A field of commemorative crosses at Berlin's former Checkpoint Charlie are being removed after a privately run museum lost a court battle to keep the memorial to people killed at the East German border during the Cold War.
Workers in blue overalls began removing the 1,067 crosses after covering the plaques with the victims' names and carrying them away.
Several hundred protesters jeered and whistled derisively in the rain at the former crossing point between East and West Berlin. "Remember, Don't Forget" read one sign. Several people shouted "Betrayers of the fatherland!"
The privately run museum had been given until today to raise $43 million to purchase the land where it erected the memorial in October. It didn't reach that goal.
The museum had been leasing the land from the Hamm-based BAG bank, but its agreement expired at the end of 2004, and a court ordered the memorial removed.
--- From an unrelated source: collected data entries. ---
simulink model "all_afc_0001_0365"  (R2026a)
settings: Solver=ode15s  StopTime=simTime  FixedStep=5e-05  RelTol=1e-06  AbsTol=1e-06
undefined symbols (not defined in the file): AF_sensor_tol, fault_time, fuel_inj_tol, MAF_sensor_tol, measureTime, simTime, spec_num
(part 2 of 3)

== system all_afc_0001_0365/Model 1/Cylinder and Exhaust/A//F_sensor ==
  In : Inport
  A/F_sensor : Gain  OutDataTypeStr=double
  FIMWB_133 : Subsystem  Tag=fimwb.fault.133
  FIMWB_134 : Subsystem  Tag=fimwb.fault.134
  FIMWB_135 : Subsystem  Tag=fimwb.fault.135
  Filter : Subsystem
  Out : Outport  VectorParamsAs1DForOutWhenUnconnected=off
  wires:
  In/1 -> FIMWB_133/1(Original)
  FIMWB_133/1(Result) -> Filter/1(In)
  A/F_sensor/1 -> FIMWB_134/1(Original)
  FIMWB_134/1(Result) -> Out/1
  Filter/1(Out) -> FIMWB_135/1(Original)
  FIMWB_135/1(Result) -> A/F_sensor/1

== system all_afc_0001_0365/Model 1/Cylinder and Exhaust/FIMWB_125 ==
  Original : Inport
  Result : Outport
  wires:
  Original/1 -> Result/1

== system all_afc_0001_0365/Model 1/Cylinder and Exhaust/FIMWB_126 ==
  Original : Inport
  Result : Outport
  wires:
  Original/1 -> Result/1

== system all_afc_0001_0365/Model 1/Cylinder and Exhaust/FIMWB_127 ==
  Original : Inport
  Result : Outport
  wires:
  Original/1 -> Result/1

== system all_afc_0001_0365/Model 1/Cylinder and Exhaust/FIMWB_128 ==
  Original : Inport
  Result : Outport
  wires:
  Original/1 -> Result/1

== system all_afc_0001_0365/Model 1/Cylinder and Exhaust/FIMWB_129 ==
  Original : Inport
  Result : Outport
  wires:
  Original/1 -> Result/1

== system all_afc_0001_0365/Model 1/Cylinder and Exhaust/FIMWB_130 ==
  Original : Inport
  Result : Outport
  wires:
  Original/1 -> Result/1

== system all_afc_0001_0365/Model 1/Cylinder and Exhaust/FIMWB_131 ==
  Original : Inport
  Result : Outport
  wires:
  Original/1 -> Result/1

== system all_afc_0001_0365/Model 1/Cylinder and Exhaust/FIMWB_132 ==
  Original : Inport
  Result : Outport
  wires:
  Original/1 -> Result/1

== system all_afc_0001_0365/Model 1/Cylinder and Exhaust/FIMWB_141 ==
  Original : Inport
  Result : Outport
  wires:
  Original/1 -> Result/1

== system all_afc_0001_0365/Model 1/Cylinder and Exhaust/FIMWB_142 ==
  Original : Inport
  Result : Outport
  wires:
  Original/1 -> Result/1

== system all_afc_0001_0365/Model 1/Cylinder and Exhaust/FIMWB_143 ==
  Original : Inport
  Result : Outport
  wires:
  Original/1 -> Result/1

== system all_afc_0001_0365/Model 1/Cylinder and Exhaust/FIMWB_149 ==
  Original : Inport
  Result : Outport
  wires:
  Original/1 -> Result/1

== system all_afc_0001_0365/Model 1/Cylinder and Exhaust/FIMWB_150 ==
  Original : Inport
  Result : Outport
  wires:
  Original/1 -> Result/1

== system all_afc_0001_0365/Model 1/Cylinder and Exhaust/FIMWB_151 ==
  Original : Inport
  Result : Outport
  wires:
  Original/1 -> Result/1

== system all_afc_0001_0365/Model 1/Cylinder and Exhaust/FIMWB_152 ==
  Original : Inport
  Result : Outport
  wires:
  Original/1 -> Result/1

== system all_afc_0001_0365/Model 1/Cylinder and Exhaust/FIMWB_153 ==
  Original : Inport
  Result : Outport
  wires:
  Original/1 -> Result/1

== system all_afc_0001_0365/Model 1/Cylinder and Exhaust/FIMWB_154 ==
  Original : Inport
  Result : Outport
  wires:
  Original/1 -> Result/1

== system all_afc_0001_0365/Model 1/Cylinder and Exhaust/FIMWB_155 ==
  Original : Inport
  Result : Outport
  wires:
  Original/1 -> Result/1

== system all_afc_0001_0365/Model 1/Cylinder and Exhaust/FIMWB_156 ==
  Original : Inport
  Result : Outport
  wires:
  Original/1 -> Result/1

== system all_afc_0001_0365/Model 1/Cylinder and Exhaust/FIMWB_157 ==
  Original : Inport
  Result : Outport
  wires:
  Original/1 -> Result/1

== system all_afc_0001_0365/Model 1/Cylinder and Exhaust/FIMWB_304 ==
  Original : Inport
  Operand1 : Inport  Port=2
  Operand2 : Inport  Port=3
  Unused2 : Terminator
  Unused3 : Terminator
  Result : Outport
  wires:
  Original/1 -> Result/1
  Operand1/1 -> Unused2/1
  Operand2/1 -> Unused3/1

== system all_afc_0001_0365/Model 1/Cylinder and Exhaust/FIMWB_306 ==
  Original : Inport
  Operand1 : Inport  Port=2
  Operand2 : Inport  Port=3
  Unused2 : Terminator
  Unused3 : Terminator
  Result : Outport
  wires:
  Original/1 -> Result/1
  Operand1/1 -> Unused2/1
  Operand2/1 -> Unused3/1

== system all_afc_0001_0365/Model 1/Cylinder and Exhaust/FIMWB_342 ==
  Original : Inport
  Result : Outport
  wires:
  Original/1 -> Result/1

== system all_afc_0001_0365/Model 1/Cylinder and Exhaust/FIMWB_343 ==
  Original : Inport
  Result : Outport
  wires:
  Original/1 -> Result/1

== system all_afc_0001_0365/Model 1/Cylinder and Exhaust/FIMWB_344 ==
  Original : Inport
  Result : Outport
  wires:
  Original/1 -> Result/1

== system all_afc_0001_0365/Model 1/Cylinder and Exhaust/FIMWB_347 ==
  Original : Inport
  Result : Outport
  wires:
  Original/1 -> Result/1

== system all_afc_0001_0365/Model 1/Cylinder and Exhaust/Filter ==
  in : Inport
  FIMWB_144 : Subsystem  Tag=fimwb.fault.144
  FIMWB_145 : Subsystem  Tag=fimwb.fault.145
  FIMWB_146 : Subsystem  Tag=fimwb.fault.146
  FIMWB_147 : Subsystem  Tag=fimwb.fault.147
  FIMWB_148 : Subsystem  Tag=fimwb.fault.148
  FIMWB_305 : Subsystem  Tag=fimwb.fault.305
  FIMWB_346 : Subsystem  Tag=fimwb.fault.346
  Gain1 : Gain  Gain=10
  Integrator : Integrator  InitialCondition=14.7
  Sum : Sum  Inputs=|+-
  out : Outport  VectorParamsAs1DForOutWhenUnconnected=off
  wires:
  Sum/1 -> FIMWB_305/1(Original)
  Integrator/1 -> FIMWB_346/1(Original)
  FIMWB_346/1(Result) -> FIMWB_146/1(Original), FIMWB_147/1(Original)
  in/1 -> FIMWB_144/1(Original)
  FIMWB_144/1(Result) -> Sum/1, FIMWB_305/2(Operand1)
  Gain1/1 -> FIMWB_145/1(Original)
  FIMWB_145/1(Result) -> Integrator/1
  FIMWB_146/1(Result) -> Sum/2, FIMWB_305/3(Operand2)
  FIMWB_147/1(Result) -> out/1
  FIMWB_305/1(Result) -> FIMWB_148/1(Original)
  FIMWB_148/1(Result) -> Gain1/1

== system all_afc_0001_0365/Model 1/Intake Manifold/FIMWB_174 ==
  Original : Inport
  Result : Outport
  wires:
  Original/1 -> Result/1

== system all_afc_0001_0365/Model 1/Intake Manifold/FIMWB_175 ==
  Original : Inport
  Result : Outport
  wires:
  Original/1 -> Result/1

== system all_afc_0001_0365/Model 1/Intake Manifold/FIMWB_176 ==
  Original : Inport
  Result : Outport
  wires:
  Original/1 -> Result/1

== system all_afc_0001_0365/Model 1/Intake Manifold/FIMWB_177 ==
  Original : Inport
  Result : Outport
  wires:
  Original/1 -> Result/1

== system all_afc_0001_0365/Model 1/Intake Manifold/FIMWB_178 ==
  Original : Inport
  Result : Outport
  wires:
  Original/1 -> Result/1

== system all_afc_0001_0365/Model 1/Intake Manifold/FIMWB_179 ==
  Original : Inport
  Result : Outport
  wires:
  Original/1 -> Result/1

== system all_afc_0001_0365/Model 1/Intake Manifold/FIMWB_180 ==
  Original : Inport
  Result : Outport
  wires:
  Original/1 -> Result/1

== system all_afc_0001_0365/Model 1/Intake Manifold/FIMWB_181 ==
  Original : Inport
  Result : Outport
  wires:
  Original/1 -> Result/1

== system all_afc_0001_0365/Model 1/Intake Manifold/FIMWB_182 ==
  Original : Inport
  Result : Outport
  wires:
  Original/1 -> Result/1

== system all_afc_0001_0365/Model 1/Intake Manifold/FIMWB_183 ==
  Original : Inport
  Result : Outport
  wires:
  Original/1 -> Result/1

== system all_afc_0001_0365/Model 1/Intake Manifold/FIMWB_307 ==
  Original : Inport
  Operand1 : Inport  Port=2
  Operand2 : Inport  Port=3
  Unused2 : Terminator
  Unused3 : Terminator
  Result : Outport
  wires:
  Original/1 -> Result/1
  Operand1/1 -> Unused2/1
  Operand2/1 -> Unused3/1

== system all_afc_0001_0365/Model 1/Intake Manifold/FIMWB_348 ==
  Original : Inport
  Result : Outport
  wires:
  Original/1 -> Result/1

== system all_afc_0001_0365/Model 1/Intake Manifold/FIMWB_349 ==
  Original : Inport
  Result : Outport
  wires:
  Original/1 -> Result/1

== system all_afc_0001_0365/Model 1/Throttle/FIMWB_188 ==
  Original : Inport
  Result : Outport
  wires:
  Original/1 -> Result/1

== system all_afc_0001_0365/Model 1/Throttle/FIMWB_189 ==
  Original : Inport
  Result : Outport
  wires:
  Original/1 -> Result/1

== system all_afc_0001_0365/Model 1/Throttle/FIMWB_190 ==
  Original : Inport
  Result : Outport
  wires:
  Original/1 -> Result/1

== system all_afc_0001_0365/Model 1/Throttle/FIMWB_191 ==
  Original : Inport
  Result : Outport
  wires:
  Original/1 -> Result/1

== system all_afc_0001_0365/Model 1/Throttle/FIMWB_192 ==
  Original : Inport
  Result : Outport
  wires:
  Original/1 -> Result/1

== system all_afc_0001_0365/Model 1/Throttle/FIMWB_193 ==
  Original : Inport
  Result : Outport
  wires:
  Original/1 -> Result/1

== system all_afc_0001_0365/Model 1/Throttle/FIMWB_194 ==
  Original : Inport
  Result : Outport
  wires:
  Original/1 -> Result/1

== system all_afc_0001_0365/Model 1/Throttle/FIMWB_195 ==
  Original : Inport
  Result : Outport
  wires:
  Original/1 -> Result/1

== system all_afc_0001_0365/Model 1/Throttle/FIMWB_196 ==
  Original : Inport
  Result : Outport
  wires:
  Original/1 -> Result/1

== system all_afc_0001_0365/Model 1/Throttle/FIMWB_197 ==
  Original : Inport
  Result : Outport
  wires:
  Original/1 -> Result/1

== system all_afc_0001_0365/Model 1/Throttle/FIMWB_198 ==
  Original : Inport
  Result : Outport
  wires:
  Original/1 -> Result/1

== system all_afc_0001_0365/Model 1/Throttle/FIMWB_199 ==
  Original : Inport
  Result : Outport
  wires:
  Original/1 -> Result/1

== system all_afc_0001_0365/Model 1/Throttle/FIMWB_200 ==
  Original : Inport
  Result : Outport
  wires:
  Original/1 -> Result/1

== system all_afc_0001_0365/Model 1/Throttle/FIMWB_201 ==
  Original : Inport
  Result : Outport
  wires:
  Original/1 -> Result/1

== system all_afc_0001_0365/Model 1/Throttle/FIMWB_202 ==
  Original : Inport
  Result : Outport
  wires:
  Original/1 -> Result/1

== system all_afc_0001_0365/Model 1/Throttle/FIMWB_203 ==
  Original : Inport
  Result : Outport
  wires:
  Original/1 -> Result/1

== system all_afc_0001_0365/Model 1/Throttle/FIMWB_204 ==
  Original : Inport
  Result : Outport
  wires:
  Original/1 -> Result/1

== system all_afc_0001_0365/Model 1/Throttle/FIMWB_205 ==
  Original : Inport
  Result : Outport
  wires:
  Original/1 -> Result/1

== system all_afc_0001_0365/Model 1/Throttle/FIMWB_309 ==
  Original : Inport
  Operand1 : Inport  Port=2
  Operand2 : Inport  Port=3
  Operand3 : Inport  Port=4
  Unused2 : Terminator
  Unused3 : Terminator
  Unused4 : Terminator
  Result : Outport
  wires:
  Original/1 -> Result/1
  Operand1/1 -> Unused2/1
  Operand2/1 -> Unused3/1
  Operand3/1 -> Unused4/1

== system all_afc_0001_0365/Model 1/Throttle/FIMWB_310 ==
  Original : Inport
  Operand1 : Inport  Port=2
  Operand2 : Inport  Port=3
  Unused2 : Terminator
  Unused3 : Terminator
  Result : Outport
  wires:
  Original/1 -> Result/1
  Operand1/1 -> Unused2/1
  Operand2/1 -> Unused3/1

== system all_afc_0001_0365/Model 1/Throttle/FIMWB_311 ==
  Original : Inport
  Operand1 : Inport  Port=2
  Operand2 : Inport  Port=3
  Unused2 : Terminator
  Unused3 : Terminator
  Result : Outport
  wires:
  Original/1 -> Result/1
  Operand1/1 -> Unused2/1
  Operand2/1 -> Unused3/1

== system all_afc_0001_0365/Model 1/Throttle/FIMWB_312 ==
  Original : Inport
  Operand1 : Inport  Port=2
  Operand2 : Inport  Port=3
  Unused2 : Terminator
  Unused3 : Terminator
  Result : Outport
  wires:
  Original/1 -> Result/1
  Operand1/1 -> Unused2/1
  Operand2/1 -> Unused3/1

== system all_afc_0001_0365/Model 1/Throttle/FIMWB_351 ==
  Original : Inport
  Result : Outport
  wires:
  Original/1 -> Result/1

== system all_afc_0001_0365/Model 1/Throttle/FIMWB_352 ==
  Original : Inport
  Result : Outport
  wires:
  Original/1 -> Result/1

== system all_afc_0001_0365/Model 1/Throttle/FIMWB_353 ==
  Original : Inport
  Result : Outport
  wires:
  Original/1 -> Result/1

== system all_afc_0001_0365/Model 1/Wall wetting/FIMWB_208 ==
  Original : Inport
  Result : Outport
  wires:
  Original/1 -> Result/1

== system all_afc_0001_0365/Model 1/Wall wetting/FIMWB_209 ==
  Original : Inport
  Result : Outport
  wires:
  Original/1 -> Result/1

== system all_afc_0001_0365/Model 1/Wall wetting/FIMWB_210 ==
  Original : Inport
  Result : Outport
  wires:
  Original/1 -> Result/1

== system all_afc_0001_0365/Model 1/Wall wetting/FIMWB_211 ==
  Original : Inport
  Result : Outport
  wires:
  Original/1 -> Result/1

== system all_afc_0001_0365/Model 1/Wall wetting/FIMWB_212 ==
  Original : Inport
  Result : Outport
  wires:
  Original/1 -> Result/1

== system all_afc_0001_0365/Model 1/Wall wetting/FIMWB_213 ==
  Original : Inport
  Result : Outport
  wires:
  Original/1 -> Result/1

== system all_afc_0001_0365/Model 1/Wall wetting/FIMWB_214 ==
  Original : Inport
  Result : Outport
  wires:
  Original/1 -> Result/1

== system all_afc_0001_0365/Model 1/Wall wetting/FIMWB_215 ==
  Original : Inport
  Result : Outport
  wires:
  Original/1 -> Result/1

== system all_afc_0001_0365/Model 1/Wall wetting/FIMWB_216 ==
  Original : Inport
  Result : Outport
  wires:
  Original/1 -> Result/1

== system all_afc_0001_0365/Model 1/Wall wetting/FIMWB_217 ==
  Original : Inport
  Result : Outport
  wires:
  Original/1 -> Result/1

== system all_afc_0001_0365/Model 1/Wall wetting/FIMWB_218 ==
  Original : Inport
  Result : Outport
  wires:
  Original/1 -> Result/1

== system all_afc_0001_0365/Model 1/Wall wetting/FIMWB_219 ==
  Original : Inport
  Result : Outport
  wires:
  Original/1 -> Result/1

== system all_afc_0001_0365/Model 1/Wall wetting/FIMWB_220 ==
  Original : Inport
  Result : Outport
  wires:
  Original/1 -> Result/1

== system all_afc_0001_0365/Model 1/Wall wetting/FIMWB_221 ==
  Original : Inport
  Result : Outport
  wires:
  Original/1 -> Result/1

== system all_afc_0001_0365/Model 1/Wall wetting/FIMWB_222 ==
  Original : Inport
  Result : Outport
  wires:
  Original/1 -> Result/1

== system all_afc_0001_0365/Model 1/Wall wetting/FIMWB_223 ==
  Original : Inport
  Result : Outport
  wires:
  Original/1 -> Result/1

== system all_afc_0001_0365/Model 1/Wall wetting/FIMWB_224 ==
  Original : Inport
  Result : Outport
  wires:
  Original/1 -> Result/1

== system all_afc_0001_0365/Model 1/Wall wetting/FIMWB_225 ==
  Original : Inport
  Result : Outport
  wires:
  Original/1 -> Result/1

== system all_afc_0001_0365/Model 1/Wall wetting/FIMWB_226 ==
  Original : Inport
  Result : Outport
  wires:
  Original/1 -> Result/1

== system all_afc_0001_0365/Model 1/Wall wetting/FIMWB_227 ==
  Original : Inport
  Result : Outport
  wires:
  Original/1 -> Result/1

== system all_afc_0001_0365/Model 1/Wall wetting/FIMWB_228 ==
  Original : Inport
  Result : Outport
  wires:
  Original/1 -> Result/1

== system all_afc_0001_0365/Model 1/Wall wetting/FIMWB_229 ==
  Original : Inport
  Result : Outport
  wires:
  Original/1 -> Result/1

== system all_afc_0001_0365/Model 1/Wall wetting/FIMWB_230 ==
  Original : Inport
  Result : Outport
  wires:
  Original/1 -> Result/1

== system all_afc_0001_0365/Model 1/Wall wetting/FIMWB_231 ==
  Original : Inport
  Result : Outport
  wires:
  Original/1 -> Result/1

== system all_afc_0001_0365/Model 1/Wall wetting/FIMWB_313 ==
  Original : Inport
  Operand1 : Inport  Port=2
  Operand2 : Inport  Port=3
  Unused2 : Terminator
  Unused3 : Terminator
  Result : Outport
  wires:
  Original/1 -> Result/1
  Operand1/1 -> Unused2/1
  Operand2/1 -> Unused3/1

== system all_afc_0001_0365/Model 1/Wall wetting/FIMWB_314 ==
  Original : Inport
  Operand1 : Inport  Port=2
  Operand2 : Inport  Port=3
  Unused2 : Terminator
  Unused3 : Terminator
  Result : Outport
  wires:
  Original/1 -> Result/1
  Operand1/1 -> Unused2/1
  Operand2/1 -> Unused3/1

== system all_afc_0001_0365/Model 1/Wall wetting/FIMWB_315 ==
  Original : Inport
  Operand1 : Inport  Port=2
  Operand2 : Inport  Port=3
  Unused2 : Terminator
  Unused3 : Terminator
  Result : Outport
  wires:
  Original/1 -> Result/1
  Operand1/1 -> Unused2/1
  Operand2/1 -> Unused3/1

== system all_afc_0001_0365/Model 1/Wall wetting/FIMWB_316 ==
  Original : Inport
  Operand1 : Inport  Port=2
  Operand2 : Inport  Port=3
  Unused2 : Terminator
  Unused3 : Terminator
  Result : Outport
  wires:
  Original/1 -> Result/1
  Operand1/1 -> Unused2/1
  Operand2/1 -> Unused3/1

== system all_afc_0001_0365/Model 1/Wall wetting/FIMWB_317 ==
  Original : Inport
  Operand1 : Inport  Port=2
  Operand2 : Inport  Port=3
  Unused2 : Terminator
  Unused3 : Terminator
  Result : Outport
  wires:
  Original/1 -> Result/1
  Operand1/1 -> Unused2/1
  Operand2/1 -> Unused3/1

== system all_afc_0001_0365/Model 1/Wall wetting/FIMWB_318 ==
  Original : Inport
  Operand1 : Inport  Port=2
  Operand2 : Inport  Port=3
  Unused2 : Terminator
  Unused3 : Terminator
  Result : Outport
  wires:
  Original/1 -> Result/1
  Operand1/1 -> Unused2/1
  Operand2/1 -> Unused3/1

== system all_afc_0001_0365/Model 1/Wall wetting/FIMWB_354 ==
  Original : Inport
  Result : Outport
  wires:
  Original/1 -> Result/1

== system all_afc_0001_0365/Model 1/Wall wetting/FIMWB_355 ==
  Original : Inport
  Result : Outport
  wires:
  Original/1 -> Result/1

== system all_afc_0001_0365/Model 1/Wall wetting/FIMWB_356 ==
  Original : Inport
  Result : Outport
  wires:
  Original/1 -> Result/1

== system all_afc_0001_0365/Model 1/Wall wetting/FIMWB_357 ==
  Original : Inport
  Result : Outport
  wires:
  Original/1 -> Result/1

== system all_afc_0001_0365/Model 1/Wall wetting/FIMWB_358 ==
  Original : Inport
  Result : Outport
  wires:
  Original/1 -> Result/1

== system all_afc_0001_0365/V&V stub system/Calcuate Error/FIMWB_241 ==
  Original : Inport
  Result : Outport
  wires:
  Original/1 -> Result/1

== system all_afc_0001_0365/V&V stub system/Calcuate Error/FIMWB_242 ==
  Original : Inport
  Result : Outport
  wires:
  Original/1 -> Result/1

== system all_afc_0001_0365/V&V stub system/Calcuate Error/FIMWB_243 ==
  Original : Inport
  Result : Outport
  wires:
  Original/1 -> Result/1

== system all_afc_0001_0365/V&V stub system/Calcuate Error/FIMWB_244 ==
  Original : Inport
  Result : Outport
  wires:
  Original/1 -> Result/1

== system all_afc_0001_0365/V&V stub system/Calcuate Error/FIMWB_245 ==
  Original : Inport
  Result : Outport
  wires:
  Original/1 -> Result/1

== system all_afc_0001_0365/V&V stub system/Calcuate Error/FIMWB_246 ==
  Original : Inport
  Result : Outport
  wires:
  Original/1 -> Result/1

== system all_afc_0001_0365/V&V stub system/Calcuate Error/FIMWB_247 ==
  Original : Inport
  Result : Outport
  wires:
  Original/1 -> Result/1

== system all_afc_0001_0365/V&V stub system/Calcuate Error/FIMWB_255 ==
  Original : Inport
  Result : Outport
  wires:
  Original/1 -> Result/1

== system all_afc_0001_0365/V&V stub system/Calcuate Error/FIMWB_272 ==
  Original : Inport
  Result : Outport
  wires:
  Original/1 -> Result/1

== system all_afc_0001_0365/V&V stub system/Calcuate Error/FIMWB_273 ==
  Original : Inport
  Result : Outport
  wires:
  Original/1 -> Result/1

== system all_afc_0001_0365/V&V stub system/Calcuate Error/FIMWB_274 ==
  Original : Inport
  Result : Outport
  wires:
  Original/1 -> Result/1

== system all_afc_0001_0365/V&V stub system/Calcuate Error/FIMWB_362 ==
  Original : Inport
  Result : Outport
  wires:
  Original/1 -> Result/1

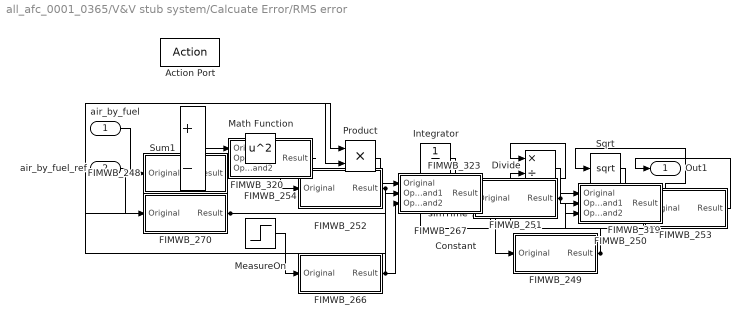
== system all_afc_0001_0365/V&V stub system/Calcuate Error/RMS error ==
  "air_by_fuel " : Inport
  air_by_fuel_ref : Inport  Port=2
  Action Port : ActionPort  ActionPortLabel=case: { }
  Constant : Constant  Value=simTime-10
  Divide : Product  Inputs=*/
  FIMWB_248 : Subsystem  Tag=fimwb.fault.248
  FIMWB_249 : Subsystem  Tag=fimwb.fault.249
  FIMWB_250 : Subsystem  Tag=fimwb.fault.250
  FIMWB_251 : Subsystem  Tag=fimwb.fault.251
  FIMWB_252 : Subsystem  Tag=fimwb.fault.252
  FIMWB_253 : Subsystem  Tag=fimwb.fault.253
  FIMWB_254 : Subsystem  Tag=fimwb.fault.254
  FIMWB_266 : Subsystem  Tag=fimwb.fault.266
  FIMWB_267 : Subsystem  Tag=fimwb.fault.267
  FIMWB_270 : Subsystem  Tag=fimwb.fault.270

The memorial consisted of a rebuilt section of the Berlin Wall and heavy wooden crosses representing the museum's tally of the people killed at the East German border between 1961 and 1989. It sits on land that was formerly on the East German side of the checkpoint.
The land today is a high-rent downtown district, but because of the historical significance of the site, the museum has ruled out erecting the memorial on cheaper land elsewhere.
Germany, divided into East and West during the Cold War, was reunited in 1990 with the collapse of communism.